We will invoke the getAvailableLanguage method of our service in the ngOnInit and store the result in an array of type AvailableLanguage.

The uploadImage method will be invoked upon uploading an image. We will check if the uploaded file is a valid image and within the allowed size limit. We will process the image data using a FileReader object. The readAsDataURL method will read the contents of the uploaded file. Upon successful completion of the read operation, the reader.onload event will be triggered. The value of imagePreview will be set to the result returned by the fileReader object, which is of type ArrayBuffer.

Inside the GetText method, we will append the image file to a variable for type FormData. We will invoke the getTextFromImage of the service and bind the result to an object of type OcrResult. We will search for the language name from the array, based on the language code returned from the service. If the language code is not found, we will set the language as unknown.

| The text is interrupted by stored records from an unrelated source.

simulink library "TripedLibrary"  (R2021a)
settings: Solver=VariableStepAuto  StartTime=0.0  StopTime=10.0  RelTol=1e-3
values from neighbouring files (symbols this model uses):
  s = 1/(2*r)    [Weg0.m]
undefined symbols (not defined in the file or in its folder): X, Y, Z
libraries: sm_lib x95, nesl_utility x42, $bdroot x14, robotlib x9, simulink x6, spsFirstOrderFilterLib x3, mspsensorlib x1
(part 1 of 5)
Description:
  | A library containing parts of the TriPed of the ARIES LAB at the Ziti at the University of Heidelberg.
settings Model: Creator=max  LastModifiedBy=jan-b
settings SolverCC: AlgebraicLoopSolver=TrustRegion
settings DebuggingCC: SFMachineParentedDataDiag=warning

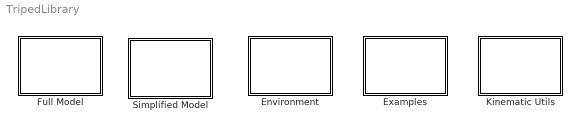
== system TripedLibrary ==
  Environment : Subsystem
  Examples : Subsystem
  Full Model : Subsystem
  Kinematic Utils : Subsystem
  Simplified Model : Subsystem

== system TripedLibrary/Environment ==
  Grounds : Subsystem
  World to Robot Switch : Subsystem  Variant=on  VariantControlMode=label  LabelModeActiveChoice=Choice_2

== system TripedLibrary/Examples ==
  Full Body orientation and height control : Subsystem
  Initialisation : Subsystem
  Rotating Chassis : Subsystem
  Spider Walking : Subsystem
  Swinging Chassis : Subsystem
  rabbid walking : Subsystem

== system TripedLibrary/Full Model ==
  Parts : Subsystem
  ROS : Subsystem
  TriPed : Subsystem
      mask Display: image('./icons/full_triped_logo.png')

== system TripedLibrary/Kinematic Utils ==
  Full Model kinematics : Subsystem
  Simplified  Model Kinematics : Subsystem
  fullbody kinematics : MATLAB Function  TreatAsAtomicUnit=on

== system TripedLibrary/Simplified Model ==
  Parts : Subsystem
  ROS : Subsystem
  TriPed : Subsystem
      settings: PortSchema="{\"entries\":[{\"content\":{\"sides\":[{\"content\":{\"connectorIds\":[\"In1\",\"LConn1\"]},\"type\":\"ConnectorPlacement.EquallySpacedRectSide\",\"uuid\":\"cf937cc4-9946-458f-a00c-c6b64d50e5dd\"},{\"content\":{\"connectorIds\":[\"RConn1\",\"RConn2\",\"RConn3\",\"Out1\"],\"side\":\"RIGHT\"},\"type\":\"ConnectorPlacement.EquallySpacedRectSide\",\"uuid\":\"24e17f8e-a145-44bf-b20e-4a80bbb5751f\"},{\"content\":{\"connectorIds\":[],\"side\":\"TOP\"},\"type\":\"ConnectorPlacement.EquallySpacedRectSide\",\"uuid\":\"6e43fe6c-017a-4e02-a518-41141b50f8f7\"}]},\"type\":\"ConnectorPlacement.EquallySpacedConnector\",\"uuid\":\"8dc904d1-a5ef-4597-b7a1-5eba3e01f89e\"}],\"packageUris\":[\"http://schema.mathworks.com/mf0/Connector/19700101\"],\"version\":\"1.0\"}"
      mask Display: image('./icons/simplified_triped_logo.png')

== system TripedLibrary/Environment/Grounds ==
  Ground_Rubber_on_Concrete : Subsystem

== system TripedLibrary/Environment/World to Robot Switch ==
  note: 1) Add Subsystem or Model blocks as valid variant choices.
      | 2) You cannot connect blocks at this level. At simulation, connectivity is automatically
      | determined, based on the active variant and port name matching.
  Free : Subsystem  VariantControl=Choice_2
  Rigid : Subsystem  VariantControl=(default)
  World frame : PMIOPort  Side=Left
  Connection Port1 : PMIOPort  Port=2  Side=Right

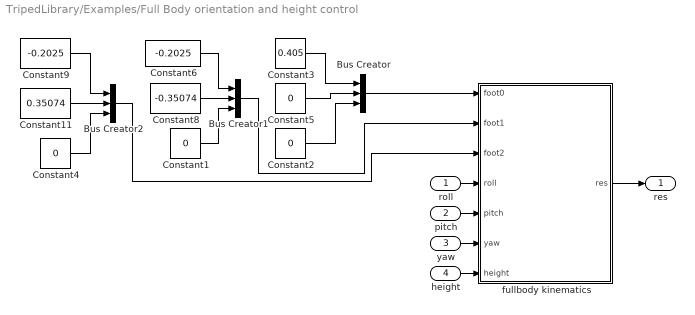
== system TripedLibrary/Examples/Full Body orientation and height control ==
  roll : Inport
  pitch : Inport  Port=2
  yaw : Inport  Port=3
  height : Inport  Port=4
  Bus Creator : BusCreator  Inputs=3
  Bus Creator1 : BusCreator  Inputs=3
  Bus Creator2 : BusCreator  Inputs=3
  Constant{1..2,4..5} (4 alike) : Constant  Value=0
  Constant11 : Constant  Value=0.35074
  Constant3 : Constant  Value=0.405
  Constant6 : Constant  Value=-0.2025
  Constant8 : Constant  Value=-0.35074
  Constant9 : Constant  Value=-0.2025
  fullbody kinematics : MATLAB Function  TreatAsAtomicUnit=on
  res : Outport
  wires:
  Bus Creator2/1 -> fullbody kinematics/3(foot2)
  pitch/1 -> fullbody kinematics/5(pitch)
  roll/1 -> fullbody kinematics/4(roll)
  height/1 -> fullbody kinematics/7(height)
  fullbody kinematics/1(res) -> res/1
  Bus Creator/1 -> fullbody kinematics/1(foot0)
  Bus Creator1/1 -> fullbody kinematics/2(foot1)
  yaw/1 -> fullbody kinematics/6(yaw)
  Constant5/1 -> Bus Creator/2
  Constant3/1 -> Bus Creator/1
  Constant2/1 -> Bus Creator/3
  Constant8/1 -> Bus Creator1/2
  Constant6/1 -> Bus Creator1/1
  Constant1/1 -> Bus Creator1/3
  Constant11/1 -> Bus Creator2/2
  Constant9/1 -> Bus Creator2/1
  Constant4/1 -> Bus Creator2/3

== system TripedLibrary/Examples/Initialisation ==
  note: Initialisation
  note: Initialiszes the system to a height of 60 cm above ground
  Bus Creator1 : BusCreator  Inputs=9
  Constant11 : Constant  Value=0.35074
  Constant3 : Constant  Value=0.405
  Constant5 : Constant  Value=0
  Constant6 : Constant  Value=-0.2025
  Constant8 : Constant  Value=-0.35074
  Constant9 : Constant  Value=-0.2025
  Ramp : simulink/Sources/Ramp  slope=-0.3  start=0  InitialOutput=-0.023  VectorParams1D=off
  Saturation : Saturate  LowerLimit=-0.6
  Out1 : Outport
  wires:
  Constant9/1 -> Bus Creator1/7
  Constant5/1 -> Bus Creator1/2
  Constant6/1 -> Bus Creator1/4
  Constant3/1 -> Bus Creator1/1
  Saturation/1 -> Bus Creator1/3, Bus Creator1/6, Bus Creator1/9
  Constant8/1 -> Bus Creator1/5
  Constant11/1 -> Bus Creator1/8
  Bus Creator1/1 -> Out1/1
  Ramp/1 -> Saturation/1

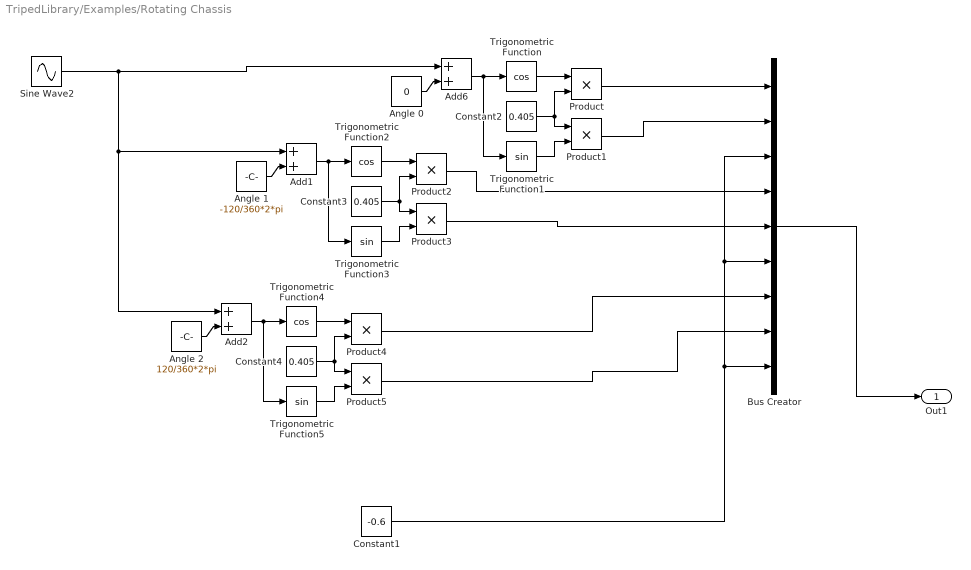
== system TripedLibrary/Examples/Rotating Chassis ==
  Add1 : Sum
  Add2 : Sum
  Add6 : Sum
  Angle 0 : Constant  Value=0
  Angle 1 : Constant  Value=-120/360*2*pi
  Angle 2 : Constant  Value=120/360*2*pi
  Bus Creator : BusCreator  Inputs=9
  Constant1 : Constant  Value=-0.6
  Constant2 : Constant  Value=0.405
  Constant3 : Constant  Value=0.405
  Constant4 : Constant  Value=0.405
  Product{,1..5} (6 alike) : Product
  Sine Wave2 : Sin  Frequency=pi  SampleTime=0
  Trigonometric Function : Trigonometry  Operator=cos
  Trigonometric Function1 : Trigonometry
  Trigonometric Function2 : Trigonometry  Operator=cos
  Trigonometric Function3 : Trigonometry
  Trigonometric Function4 : Trigonometry  Operator=cos
  Trigonometric Function5 : Trigonometry
  Out1 : Outport
  wires:
  Constant1/1 -> Bus Creator/3, Bus Creator/6, Bus Creator/9
  Bus Creator/1 -> Out1/1
  Angle 0/1 -> Add6/2
  Add6/1 -> Trigonometric Function1/1, Trigonometric Function/1
  Trigonometric Function/1 -> Product/1
  Constant2/1 -> Product/2, Product1/1
  Trigonometric Function1/1 -> Product1/2
  Product/1 -> Bus Creator/1
  Product1/1 -> Bus Creator/2
  Constant3/1 -> Product2/2, Product3/1
  Trigonometric Function3/1 -> Product3/2
  Trigonometric Function2/1 -> Product2/1
  Angle 1/1 -> Add1/2
  Add1/1 -> Trigonometric Function3/1, Trigonometric Function2/1
  Product2/1 -> Bus Creator/4
  Product3/1 -> Bus Creator/5
  Add2/1 -> Trigonometric Function5/1, Trigonometric Function4/1
  Angle 2/1 -> Add2/2
  Sine Wave2/1 -> Add2/1, Add1/1, Add6/1
  Trigonometric Function5/1 -> Product5/2
  Trigonometric Function4/1 -> Product4/1
  Constant4/1 -> Product4/2, Product5/1
  Product4/1 -> Bus Creator/7
  Product5/1 -> Bus Creator/8

== system TripedLibrary/Examples/Spider Walking ==
  note: Choose Walking Angle
      | relative to X Axis
  Bus Creator1 : BusCreator  Inputs=3
  Gait Generator : MATLAB Function  TreatAsAtomicUnit=on  SystemSampleTime=0.01
  Knob : KnobBlock  ScaleMax=360
  Unit Delay1 : UnitDelay  InitialCondition=[0 0 0 0 0 0 0 0 0]  SampleTime=-1  HasFrameUpgradeWarning=on
  Unit Delay2 : UnitDelay  InitialCondition=3*pi  SampleTime=-1  HasFrameUpgradeWarning=on
  Walking dir : Constant  Value=0
  Out1 : Outport
  wires:
  Bus Creator1/1 -> Out1/1, Unit Delay1/1
  Gait Generator/1(foot_0) -> Bus Creator1/1
  Gait Generator/2(foot_1) -> Bus Creator1/2
  Gait Generator/3(foot_2) -> Bus Creator1/3
  Unit Delay1/1 -> Gait Generator/1(current_foot_pos)
  Gait Generator/4(angle) -> Unit Delay2/1
  Unit Delay2/1 -> Gait Generator/2("angle ")
  Walking dir/1 -> Gait Generator/3(walking_dir)

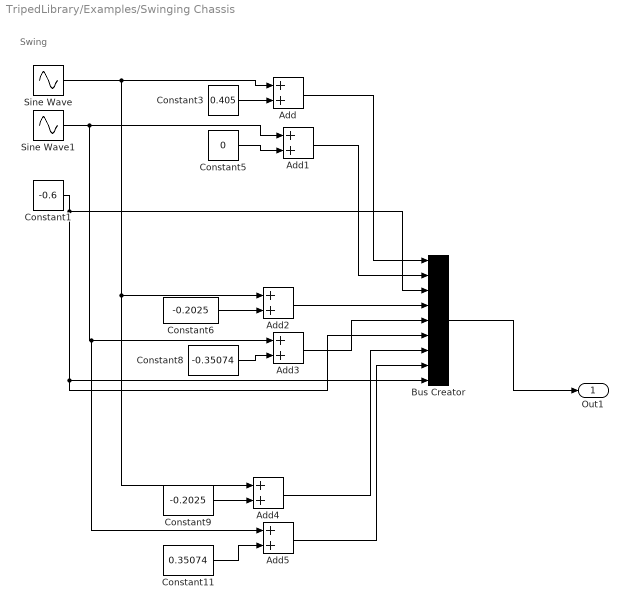
== system TripedLibrary/Examples/Swinging Chassis ==
  note: Swing
  Add{,1..5} (6 alike) : Sum
  Bus Creator : BusCreator  Inputs=9
  Constant1 : Constant  Value=-0.6
  Constant11 : Constant  Value=0.35074
  Constant3 : Constant  Value=0.405
  Constant5 : Constant  Value=0
  Constant6 : Constant  Value=-0.2025
  Constant8 : Constant  Value=-0.35074
  Constant9 : Constant  Value=-0.2025
  Sine Wave : Sin  Amplitude=0.1  Frequency=pi  SampleTime=0
  Sine Wave1 : Sin  Amplitude=0.1  Frequency=pi  Phase=pi/2  SampleTime=0
  Out1 : Outport
  wires:
  Add1/1 -> Bus Creator/2
  Add4/1 -> Bus Creator/7
  Add3/1 -> Bus Creator/5
  Constant1/1 -> Bus Creator/3, Bus Creator/6, Bus Creator/9
  Add/1 -> Bus Creator/1
  Add5/1 -> Bus Creator/8
  Add2/1 -> Bus Creator/4
  Bus Creator/1 -> Out1/1
  Constant6/1 -> Add2/2
  Constant8/1 -> Add3/2
  Constant9/1 -> Add4/2
  Constant5/1 -> Add1/2
  Sine Wave/1 -> Add4/1, Add2/1, Add/1
  Constant11/1 -> Add5/2
  Constant3/1 -> Add/2
  Sine Wave1/1 -> Add5/1, Add3/1, Add1/1

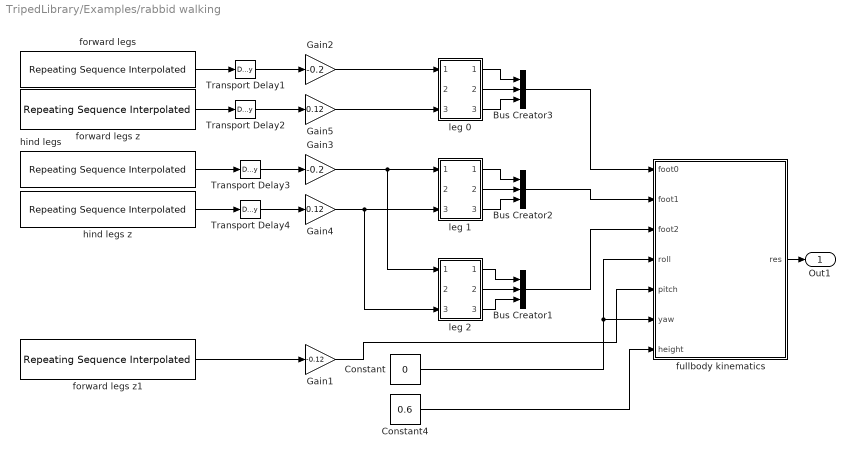
== system TripedLibrary/Examples/rabbid walking ==
  Bus Creator1 : BusCreator  Inputs=3
  Bus Creator2 : BusCreator  Inputs=3
  Bus Creator3 : BusCreator  Inputs=3
  Constant : Constant  Value=0
  Constant4 : Constant  Value=0.6
  Gain1 : Gain  Gain=-0.12
  Gain2 : Gain  Gain=-0.2
  Gain3 : Gain  Gain=-0.2
  Gain4 : Gain  Gain=0.12
  Gain5 : Gain  Gain=0.12
  Transport Delay{1..4} (4 alike) : TransportDelay  DelayTime=0.2
  forward legs : simulink/Sources/Repeating Sequence Interpolated  OutValues="[0 1 1  -1 0].'"  TimeValues=[0 0.25 0.9 1 1.2 ].'  LookUpMeth=Interpolation-Use End Values  tsamp=0.01  OutMin=[]  OutMax=[]  OutDataTypeStr=double  OutputDataTypeScalingMode=double  OutDataType=fixdt(0,8)  OutScaling=2^-10
  forward legs z : simulink/Sources/Repeating Sequence Interpolated  OutValues="[0 0 0 1  0 00].'"  TimeValues="[0 0.25  0.9 0.91  1.15  1.2 ].'"  LookUpMeth=Interpolation-Use End Values  tsamp=0.01  OutMin=[]  OutMax=[]  OutDataTypeStr=double  OutputDataTypeScalingMode=double  OutDataType=fixdt(0,8)  OutScaling=2^-10
  forward legs z1 : simulink/Sources/Repeating Sequence Interpolated  OutValues="[0 0 1 1  0 00].'"  TimeValues="[0 0.25  0.9 0.91  1.15  1.2 ].'"  LookUpMeth=Interpolation-Use End Values  tsamp=0.01  OutMin=[]  OutMax=[]  OutDataTypeStr=double  OutputDataTypeScalingMode=double  OutDataType=fixdt(0,8)  OutScaling=2^-10
  fullbody kinematics : MATLAB Function  TreatAsAtomicUnit=on
  hind legs : simulink/Sources/Repeating Sequence Interpolated  OutValues="[0 1 0  0 0 ].'"  TimeValues="[0 0.25  0.8 0.95 1.2].'"  LookUpMeth=Interpolation-Use End Values  tsamp=0.01  OutMin=[]  OutMax=[]  OutDataTypeStr=double  OutputDataTypeScalingMode=double  OutDataType=fixdt(0,8)  OutScaling=2^-10
  hind legs z : simulink/Sources/Repeating Sequence Interpolated  OutValues="[0 0 1 1 0  0 ].'"  TimeValues="[0 0.25  0.26 0.525 0.8  1.2 ].'"  LookUpMeth=Interpolation-Use End Values  tsamp=0.01  OutMin=[]  OutMax=[]  OutDataTypeStr=double  OutputDataTypeScalingMode=double  OutDataType=fixdt(0,8)  OutScaling=2^-10
  leg 0 : Subsystem
  leg 1 : Subsystem
  leg 2 : Subsystem
  Out1 : Outport
  wires:
  leg 0/1(Out1) -> Bus Creator3/1
  leg 0/2(Out2) -> Bus Creator3/2
  leg 0/3(Out3) -> Bus Creator3/3
  leg 1/1(Out1) -> Bus Creator2/1
  leg 1/2(Out2) -> Bus Creator2/2
  leg 1/3(Out3) -> Bus Creator2/3
  leg 2/1(Out1) -> Bus Creator1/1
  leg 2/2(Out2) -> Bus Creator1/2
  leg 2/3(Out3) -> Bus Creator1/3
  Gain4/1 -> leg 2/3(In3), leg 1/3(In3)
  Gain2/1 -> leg 0/1(In1)
  forward legs/1 -> Transport Delay1/1
  hind legs/1 -> Transport Delay3/1
  Gain3/1 -> leg 2/1(In1), leg 1/1(In1)
  hind legs z/1 -> Transport Delay4/1
  forward legs z/1 -> Transport Delay2/1
  Gain5/1 -> leg 0/3(In3)
  Transport Delay1/1 -> Gain2/1
  Transport Delay2/1 -> Gain5/1
  Transport Delay3/1 -> Gain3/1
  Transport Delay4/1 -> Gain4/1
  fullbody kinematics/1(res) -> Out1/1
  Bus Creator3/1 -> fullbody kinematics/1(foot0)
  Bus Creator2/1 -> fullbody kinematics/2(foot1)
  Bus Creator1/1 -> fullbody kinematics/3(foot2)
  Constant/1 -> fullbody kinematics/6(yaw), fullbody kinematics/4(roll)
  Constant4/1 -> fullbody kinematics/7(height)
  Gain1/1 -> fullbody kinematics/5(pitch)
  forward legs z1/1 -> Gain1/1

== system TripedLibrary/Full Model/Parts ==
  AS5047D Hall Sensor : Subsystem
      mask Display: image('./icons/hall_sensor.png'); % Use "Edit Image" on toolstrip to change.
  Chassis : $bdroot/Full Model/TriPed/Chassis  SystemSampleTime=-1  VariantActivationTime=update diagram  Latency=0  AutoFrameSizeCalculation=off
  E6A2-C Rotary Encoder : Subsystem
      mask Display: image('./icons/incremental_sensor.png'); % Use "Edit Image" on toolstrip to change.
  Leg : Subsystem
      mask Display:
      | image('./icons/triped_leg_kinematic_new_colors.png')
      | port_label('input',1,'MotorSignals')
      | port_label('output',1,'SensorSignals')
      | port_label('rconn',1,'GroundConnection')

== system TripedLibrary/Full Model/ROS ==
  Publisher_leg_0 : Subsystem
  Subscriber_leg0 : Subsystem

== system TripedLibrary/Full Model/TriPed ==
  Joint_commands : Inport
  Chassis : Subsystem
  Demux : Demux  Outputs=3
  Leg : $bdroot/Full Model/Parts/Leg  SystemSampleTime=-1  VariantActivationTime=update diagram  Latency=0  AutoFrameSizeCalculation=off
  Leg1 : $bdroot/Full Model/Parts/Leg  SystemSampleTime=-1  VariantActivationTime=update diagram  Latency=0  AutoFrameSizeCalculation=off
  Leg2 : $bdroot/Full Model/Parts/Leg  SystemSampleTime=-1  VariantActivationTime=update diagram  Latency=0  AutoFrameSizeCalculation=off
  Mux : Mux  Inputs=3
  Rotate_Leg : sm_lib/Frames and Transforms/Rigid Transform  TranslationMethod=None  TranslationStandardOffset=0  TranslationLengthUnit=m  TranslationStandardAxis=+Z  TranslationCartesianOffset=[0 0 0]  TranslationROffset=0  TranslationROffsetUnits=m  TranslationZOffset=0  TranslationZOffsetUnits=m  TranslationThetaOffset=0  TranslationThetaOffsetUnits=deg  RotationMethod=StandardAxis  RotationAngleUnits=deg  RotationStandardAxis=+Z  RotationAngle=0 * -120  RotationArbitraryAxis=[0 0 1]  FollAlignAxisA=+X  BaseAlignAxisA=+Y  FollAlignAxisB=+Y  BaseAlignAxisB=+Z  RotationSequenceAxes=FollowerAxes  RotationSequence=XYX  RotationSequenceAngles=[0 0 0]  RotationSequenceAnglesUnits=deg  RotationMatrix=[1 0 0; 0 1 0; 0 0 1]
  Rotate_Leg1 : sm_lib/Frames and Transforms/Rigid Transform  TranslationMethod=None  TranslationStandardOffset=0  TranslationLengthUnit=m  TranslationStandardAxis=+Z  TranslationCartesianOffset=[0 0 0]  TranslationROffset=0  TranslationROffsetUnits=m  TranslationZOffset=0  TranslationZOffsetUnits=m  TranslationThetaOffset=0  TranslationThetaOffsetUnits=deg  RotationMethod=StandardAxis  RotationAngleUnits=deg  RotationStandardAxis=+Z  RotationAngle=1 * -120  RotationArbitraryAxis=[0 0 1]  FollAlignAxisA=+X  BaseAlignAxisA=+Y  FollAlignAxisB=+Y  BaseAlignAxisB=+Z  RotationSequenceAxes=FollowerAxes  RotationSequence=XYX  RotationSequenceAngles=[0 0 0]  RotationSequenceAnglesUnits=deg  RotationMatrix=[1 0 0; 0 1 0; 0 0 1]
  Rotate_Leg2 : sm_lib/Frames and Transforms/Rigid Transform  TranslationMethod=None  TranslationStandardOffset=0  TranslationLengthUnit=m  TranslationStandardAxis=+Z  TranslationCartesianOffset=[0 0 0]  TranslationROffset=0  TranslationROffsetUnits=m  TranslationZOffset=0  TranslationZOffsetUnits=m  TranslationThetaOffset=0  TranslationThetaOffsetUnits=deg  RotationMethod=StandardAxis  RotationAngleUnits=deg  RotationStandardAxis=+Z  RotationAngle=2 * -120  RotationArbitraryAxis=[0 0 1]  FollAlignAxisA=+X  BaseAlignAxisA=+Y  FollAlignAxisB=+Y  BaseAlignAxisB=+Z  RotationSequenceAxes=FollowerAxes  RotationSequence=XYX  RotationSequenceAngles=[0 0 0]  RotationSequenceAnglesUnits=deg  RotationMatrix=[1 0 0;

We will add the styling for the text area in ocr.component.css as shown below.

.preview-image {
    max-height: 300px;
    max-width: 300px;
}
.image-container {
    display: flex;
    padding: 15px;
    align-content: center;
    align-items: center;
    justify-content: center;
    border: 2px dashed skyblue;
}

Adding the links in Nav Menu

We will add the navigation links for our components in the nav menu. Open nav-menu.component.html and remove the links for Counter and Fetch data components. Add the following lines to the list of navigation links.

<li class="nav-item" [routerLinkActive]="['link-active']">
    <a class="nav-link text-dark" routerLink='/computer-vision-ocr'>Computer Vision</a>
</li>

Execution Demo

Press F5 to launch the application. Click on the Computer Vision button on the nav menu at the top. You can upload an image and extract the text from the image as shown in the image below.

ngComputerVision

Summary

We have created an optical character recognition (OCR) application using Angular and the Computer Vision Azure Cognitive Service. The application can extract the printed text from the uploaded image and recognize the language of the text. The OCR API of the Computer Vision is used which can recognize text in 25 languages.

Get the Source code from GitHub and play around to better understand.